Task data:
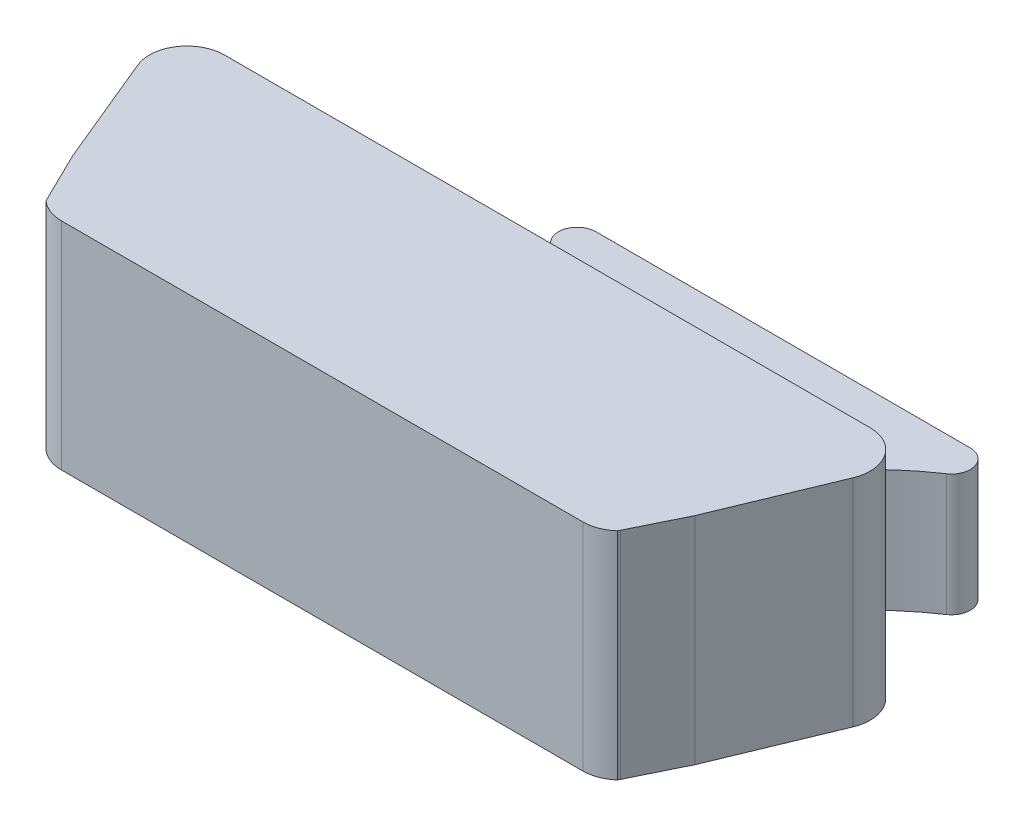
SolidWorks part; units mm, degrees
ref_plane "前视基准面" through (0, 0, 0) normal (0, 0, 1) x (1, 0, 0)
ref_plane "上视基准面" through (0, 0, 0) normal (0, 1, 0) x (1, 0, 0)
ref_plane "右视基准面" through (0, 0, 0) normal (1, 0, 0) x (0, 0, -1)
other "Configuration Table"
sketch "草图1" plane through (0, 0, 0) normal (0, 1, 0) x (1, 0, 0)
  line L0 (0, 0) -> (0, 18.74) construction
  line L1 (-14.3085, 18.74) -> (14.3085, 18.74)
  line L2 (3.9, 4.46) -> (3.9, 0)
  line L3 (-3.9, 0) -> (3.9, 0)
  line L4 (-3.9, 4.46) -> (-3.9, 0)
  arc A0 (14.3085, 18.74) -> (3.9, 4.46) centre (18.9, 4.46) ccw
  arc A1 (-14.3085, 18.74) -> (-3.9, 4.46) centre (-18.9, 4.46) cw
  dimension "D2" = 15
  dimension "D1" = 7.8
  dimension "D3" = 14.28
  dimension "D4" = 18.74
extrude "凸台-拉伸1" add sketch "草图1" along normal blind 6.5
sketch "草图2" plane through (0, 6.5, 0) normal (0, 1, 0) x (1, 0, 0)
  line L0 (9.9174, 1.2346) -> (13.2311, 9.2346) construction
  line L1 (11.3833, 12) -> (-23.0327, 12) construction
  line L2 (-24.8805, 9.2346) -> (-21.5668, 1.2346) construction
  line L3 (-19.719, 0) -> (8.0696, 0) construction
  line L4 (10.7621, 3.274) -> (13.2311, 9.2346)
  line L5 (11.3833, 12) -> (-23.0327, 12)
  line L6 (-24.8805, 9.2346) -> (-22.4115, 3.274)
  line L7 (-19.719, 0) -> (8.0696, 0)
  line L8 (14.1206, 10.119) -> (9.4595, 0.619) construction
  line L9 (-21.1089, 0.619) -> (-25.7699, 10.119) construction
  line L10 (10.7621, 3.274) -> (9.4595, 0.619)
  line L11 (-21.1089, 0.619) -> (-22.4115, 3.274)
  arc A1 (8.0696, 0) -> (9.9174, 1.2346) centre (8.0696, 2) ccw construction
  arc A2 (13.2311, 9.2346) -> (11.3833, 12) centre (11.3833, 10) ccw construction
  arc A3 (-23.0327, 12) -> (-24.8805, 9.2346) centre (-23.0327, 10) ccw construction
  arc A4 (-21.5668, 1.2346) -> (-19.719, 0) centre (-19.719, 2) ccw construction
  arc A5 (8.0696, 0) -> (9.3997, 0.5064) centre (8.0696, 2) ccw
  arc A6 (13.2311, 9.2346) -> (11.3833, 12) centre (11.3833, 10) ccw
  arc A7 (-23.0327, 12) -> (-24.8805, 9.2346) centre (-23.0327, 10) ccw
  arc A8 (-21.0491, 0.5064) -> (-19.719, 0) centre (-19.719, 2) ccw
  arc A9 (-21.1089, 0.619) -> (-19.3134, -0.5) centre (-19.3134, 1.5) ccw construction
  arc A10 (-21.1089, 0.619) -> (-21.0491, 0.5064) centre (-19.3134, 1.5) ccw
  arc A11 (7.664, -0.5) -> (9.4595, 0.619) centre (7.664, 1.5) ccw construction
  arc A12 (9.3997, 0.5064) -> (9.4595, 0.619) centre (7.664, 1.5) ccw
extrude "凸台-拉伸2" add sketch "草图2" along normal blind 5
fillet "圆角1" radius 1 4 edges at (3.9, 3.25, 0) (-3.9, 3.25, 0) (14.3085, 3.25, -18.74) (-14.3085, 3.25, -18.74)
extrude "凸台-拉伸3" add sketch "草图2<2>" against normal up to surface (6.5 mm away) up to face at (0, 0, -8.3876)
sketch "草图2<2>" plane through (0, 6.5, 0) normal (0, 1, 0) x (1, 0, 0) same geometry as "草图2"

Your goal: The lines from the one containing "arc A11 (7.664, -0.5)" through the last line of the material above are to be copied exactly, both ends included.

Response:
  arc A11 (7.664, -0.5) -> (9.4595, 0.619) centre (7.664, 1.5) ccw construction
  arc A12 (9.3997, 0.5064) -> (9.4595, 0.619) centre (7.664, 1.5) ccw
extrude "凸台-拉伸2" add sketch "草图2" along normal blind 5
fillet "圆角1" radius 1 4 edges at (3.9, 3.25, 0) (-3.9, 3.25, 0) (14.3085, 3.25, -18.74) (-14.3085, 3.25, -18.74)
extrude "凸台-拉伸3" add sketch "草图2<2>" against normal up to surface (6.5 mm away) up to face at (0, 0, -8.3876)
sketch "草图2<2>" plane through (0, 6.5, 0) normal (0, 1, 0) x (1, 0, 0) same geometry as "草图2"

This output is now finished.